WORK REQUEST —
Write out the entries below exactly, starting at the first line and stopping after the line that contains "#30=VERTEX_POINT('',#29);"; skip all pictures.

DATA UNDER STUDY —

- - - - -

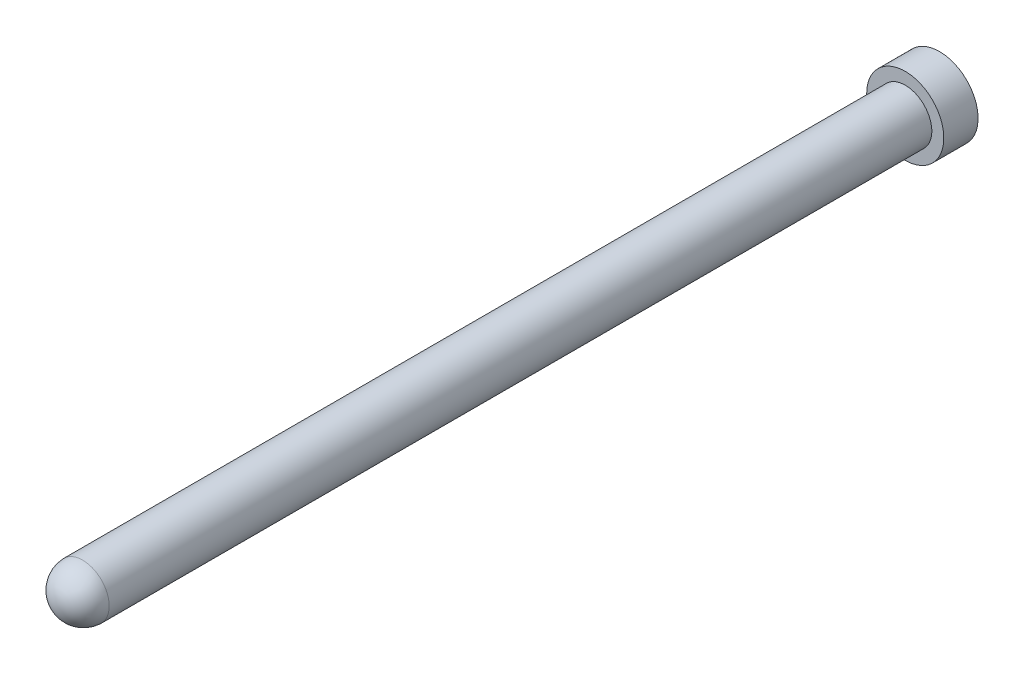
ISO-10303-21;
HEADER;
FILE_DESCRIPTION(('STEP AP214'),'2;1');
FILE_NAME('part.step','',(''),(''),'','','');
FILE_SCHEMA(('AUTOMOTIVE_DESIGN { 1 0 10303 214 1 1 1 1 }'));
ENDSEC;
DATA;
#1=APPLICATION_CONTEXT('core data for automotive mechanical design processes');
#2=APPLICATION_PROTOCOL_DEFINITION('international standard','automotive_design',2000,#1);
#3=PRODUCT_CONTEXT('',#1,'mechanical');
#4=PRODUCT('Part','Part','',(#3));
#5=PRODUCT_RELATED_PRODUCT_CATEGORY('part','',(#4));
#6=PRODUCT_DEFINITION_FORMATION('','',#4);
#7=PRODUCT_DEFINITION_CONTEXT('part definition',#1,'design');
#8=PRODUCT_DEFINITION('design','',#6,#7);
#9=PRODUCT_DEFINITION_SHAPE('','',#8);
#10=(LENGTH_UNIT() NAMED_UNIT(*) SI_UNIT(.MILLI.,.METRE.));
#11=(NAMED_UNIT(*) PLANE_ANGLE_UNIT() SI_UNIT($,.RADIAN.));
#12=(NAMED_UNIT(*) SI_UNIT($,.STERADIAN.) SOLID_ANGLE_UNIT());
#13=UNCERTAINTY_MEASURE_WITH_UNIT(LENGTH_MEASURE(1.E-05),#10,'distance_accuracy_value','');
#14=(GEOMETRIC_REPRESENTATION_CONTEXT(3) GLOBAL_UNCERTAINTY_ASSIGNED_CONTEXT((#13)) GLOBAL_UNIT_ASSIGNED_CONTEXT((#10,
#11,#12)) REPRESENTATION_CONTEXT('',''));
#15=CARTESIAN_POINT('',(0.,0.,0.));
#16=DIRECTION('',(0.,0.,1.));
#17=DIRECTION('',(1.,0.,0.));
#18=AXIS2_PLACEMENT_3D('',#15,#16,#17);
#19=CARTESIAN_POINT('',(0.,0.,100.));
#20=DIRECTION('',(0.,0.,-1.));
#21=DIRECTION('',(-1.00000000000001,0.,0.));
#22=AXIS2_PLACEMENT_3D('',#19,#20,#21);
#23=CYLINDRICAL_SURFACE('',#22,3.1);
#24=CARTESIAN_POINT('',(0.,0.,100.));
#25=DIRECTION('',(0.,0.,1.));
#26=DIRECTION('',(1.00000000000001,0.,0.));
#27=AXIS2_PLACEMENT_3D('',#24,#25,#26);
#28=CIRCLE('',#27,3.1);
#29=CARTESIAN_POINT('',(3.10000000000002,0.,100.));
#30=VERTEX_POINT('',#29);
#31=EDGE_CURVE('E35',#30,#30,#28,.T.);
#32=ORIENTED_EDGE('',*,*,#31,.F.);
#33=EDGE_LOOP('',(#32));
#34=FACE_BOUND('',#33,.T.);
#35=CARTESIAN_POINT('',(0.,0.,4.));
#36=DIRECTION('',(0.,0.,-1.));
#37=DIRECTION('',(-1.00000000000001,0.,0.));
#38=AXIS2_PLACEMENT_3D('',#35,#36,#37);
#39=CIRCLE('',#38,3.1);
#40=CARTESIAN_POINT('',(-3.10000000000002,0.,4.));
#41=VERTEX_POINT('',#40);
#42=EDGE_CURVE('E10',#41,#41,#39,.T.);
#43=ORIENTED_EDGE('',*,*,#42,.F.);
#44=EDGE_LOOP('',(#43));
#45=FACE_BOUND('',#44,.T.);
#46=ADVANCED_FACE('F31',(#34,#45),#23,.T.);
#47=CARTESIAN_POINT('',(0.,0.,99.8983333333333));
#48=DIRECTION('',(0.,0.,1.));
#49=DIRECTION('',(1.00000000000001,0.,0.));
#50=AXIS2_PLACEMENT_3D('',#47,#48,#49);
#51=SPHERICAL_SURFACE('',#50,3.10166666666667);
#52=ORIENTED_EDGE('',*,*,#31,.T.);
#53=EDGE_LOOP('',(#52));
#54=FACE_BOUND('',#53,.T.);
#55=ADVANCED_FACE('F33',(#54),#51,.T.);
#56=CARTESIAN_POINT('',(0.,0.,4.));
#57=DIRECTION('',(0.,0.,-1.));
#58=DIRECTION('',(-1.00000000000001,0.,0.));
#59=AXIS2_PLACEMENT_3D('',#56,#57,#58);
#60=PLANE('',#59);
#61=CARTESIAN_POINT('',(0.,0.,4.));
#62=DIRECTION('',(0.,0.,-1.));
#63=DIRECTION('',(-1.00000000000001,0.,0.));
#64=AXIS2_PLACEMENT_3D('',#61,#62,#63);
#65=CIRCLE('',#64,4.5);
#66=CARTESIAN_POINT('',(-4.50000000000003,0.,4.));
#67=VERTEX_POINT('',#66);
#68=EDGE_CURVE('E42',#67,#67,#65,.T.);
#69=ORIENTED_EDGE('',*,*,#68,.F.);
#70=EDGE_LOOP('',(#69));
#71=FACE_BOUND('',#70,.T.);
#72=ORIENTED_EDGE('',*,*,#42,.T.);
#73=EDGE_LOOP('',(#72));
#74=FACE_BOUND('',#73,.T.);
#75=ADVANCED_FACE('F54',(#71,#74),#60,.F.);
#76=CARTESIAN_POINT('',(0.,0.,4.));
#77=DIRECTION('',(0.,0.,-1.));
#78=DIRECTION('',(-1.00000000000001,0.,0.));
#79=AXIS2_PLACEMENT_3D('',#76,#77,#78);
#80=CYLINDRICAL_SURFACE('',#79,4.5);
#81=ORIENTED_EDGE('',*,*,#68,.T.);
#82=EDGE_LOOP('',(#81));
#83=FACE_BOUND('',#82,.T.);
#84=CARTESIAN_POINT('',(0.,0.,0.));
#85=DIRECTION('',(0.,0.,-1.));
#86=DIRECTION('',(-1.00000000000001,0.,0.));
#87=AXIS2_PLACEMENT_3D('',#84,#85,#86);
#88=CIRCLE('',#87,4.5);
#89=CARTESIAN_POINT('',(-4.50000000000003,0.,0.));
#90=VERTEX_POINT('',#89);
#91=EDGE_CURVE('E46',#90,#90,#88,.T.);
#92=ORIENTED_EDGE('',*,*,#91,.F.);
#93=EDGE_LOOP('',(#92));
#94=FACE_BOUND('',#93,.T.);
#95=ADVANCED_FACE('F52',(#83,#94),#80,.T.);
#96=CARTESIAN_POINT('',(0.,0.,0.));
#97=DIRECTION('',(0.,0.,1.));
#98=DIRECTION('',(1.00000000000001,0.,0.));
#99=AXIS2_PLACEMENT_3D('',#96,#97,#98);
#100=PLANE('',#99);
#101=ORIENTED_EDGE('',*,*,#91,.T.);
#102=EDGE_LOOP('',(#101));
#103=FACE_BOUND('',#102,.T.);
#104=ADVANCED_FACE('F50',(#103),#100,.F.);
#105=CLOSED_SHELL('',(#46,#55,#75,#95,#104));
#106=MANIFOLD_SOLID_BREP('B2',#105);
#107=ADVANCED_BREP_SHAPE_REPRESENTATION('',(#18,#106),#14);
#108=SHAPE_DEFINITION_REPRESENTATION(#9,#107);
ENDSEC;
END-ISO-10303-21;

- - - - -

OUTPUT OF THE TASK —
ISO-10303-21;
HEADER;
FILE_DESCRIPTION(('STEP AP214'),'2;1');
FILE_NAME('part.step','',(''),(''),'','','');
FILE_SCHEMA(('AUTOMOTIVE_DESIGN { 1 0 10303 214 1 1 1 1 }'));
ENDSEC;
DATA;
#1=APPLICATION_CONTEXT('core data for automotive mechanical design processes');
#2=APPLICATION_PROTOCOL_DEFINITION('international standard','automotive_design',2000,#1);
#3=PRODUCT_CONTEXT('',#1,'mechanical');
#4=PRODUCT('Part','Part','',(#3));
#5=PRODUCT_RELATED_PRODUCT_CATEGORY('part','',(#4));
#6=PRODUCT_DEFINITION_FORMATION('','',#4);
#7=PRODUCT_DEFINITION_CONTEXT('part definition',#1,'design');
#8=PRODUCT_DEFINITION('design','',#6,#7);
#9=PRODUCT_DEFINITION_SHAPE('','',#8);
#10=(LENGTH_UNIT() NAMED_UNIT(*) SI_UNIT(.MILLI.,.METRE.));
#11=(NAMED_UNIT(*) PLANE_ANGLE_UNIT() SI_UNIT($,.RADIAN.));
#12=(NAMED_UNIT(*) SI_UNIT($,.STERADIAN.) SOLID_ANGLE_UNIT());
#13=UNCERTAINTY_MEASURE_WITH_UNIT(LENGTH_MEASURE(1.E-05),#10,'distance_accuracy_value','');
#14=(GEOMETRIC_REPRESENTATION_CONTEXT(3) GLOBAL_UNCERTAINTY_ASSIGNED_CONTEXT((#13)) GLOBAL_UNIT_ASSIGNED_CONTEXT((#10,
#11,#12)) REPRESENTATION_CONTEXT('',''));
#15=CARTESIAN_POINT('',(0.,0.,0.));
#16=DIRECTION('',(0.,0.,1.));
#17=DIRECTION('',(1.,0.,0.));
#18=AXIS2_PLACEMENT_3D('',#15,#16,#17);
#19=CARTESIAN_POINT('',(0.,0.,100.));
#20=DIRECTION('',(0.,0.,-1.));
#21=DIRECTION('',(-1.00000000000001,0.,0.));
#22=AXIS2_PLACEMENT_3D('',#19,#20,#21);
#23=CYLINDRICAL_SURFACE('',#22,3.1);
#24=CARTESIAN_POINT('',(0.,0.,100.));
#25=DIRECTION('',(0.,0.,1.));
#26=DIRECTION('',(1.00000000000001,0.,0.));
#27=AXIS2_PLACEMENT_3D('',#24,#25,#26);
#28=CIRCLE('',#27,3.1);
#29=CARTESIAN_POINT('',(3.10000000000002,0.,100.));
#30=VERTEX_POINT('',#29);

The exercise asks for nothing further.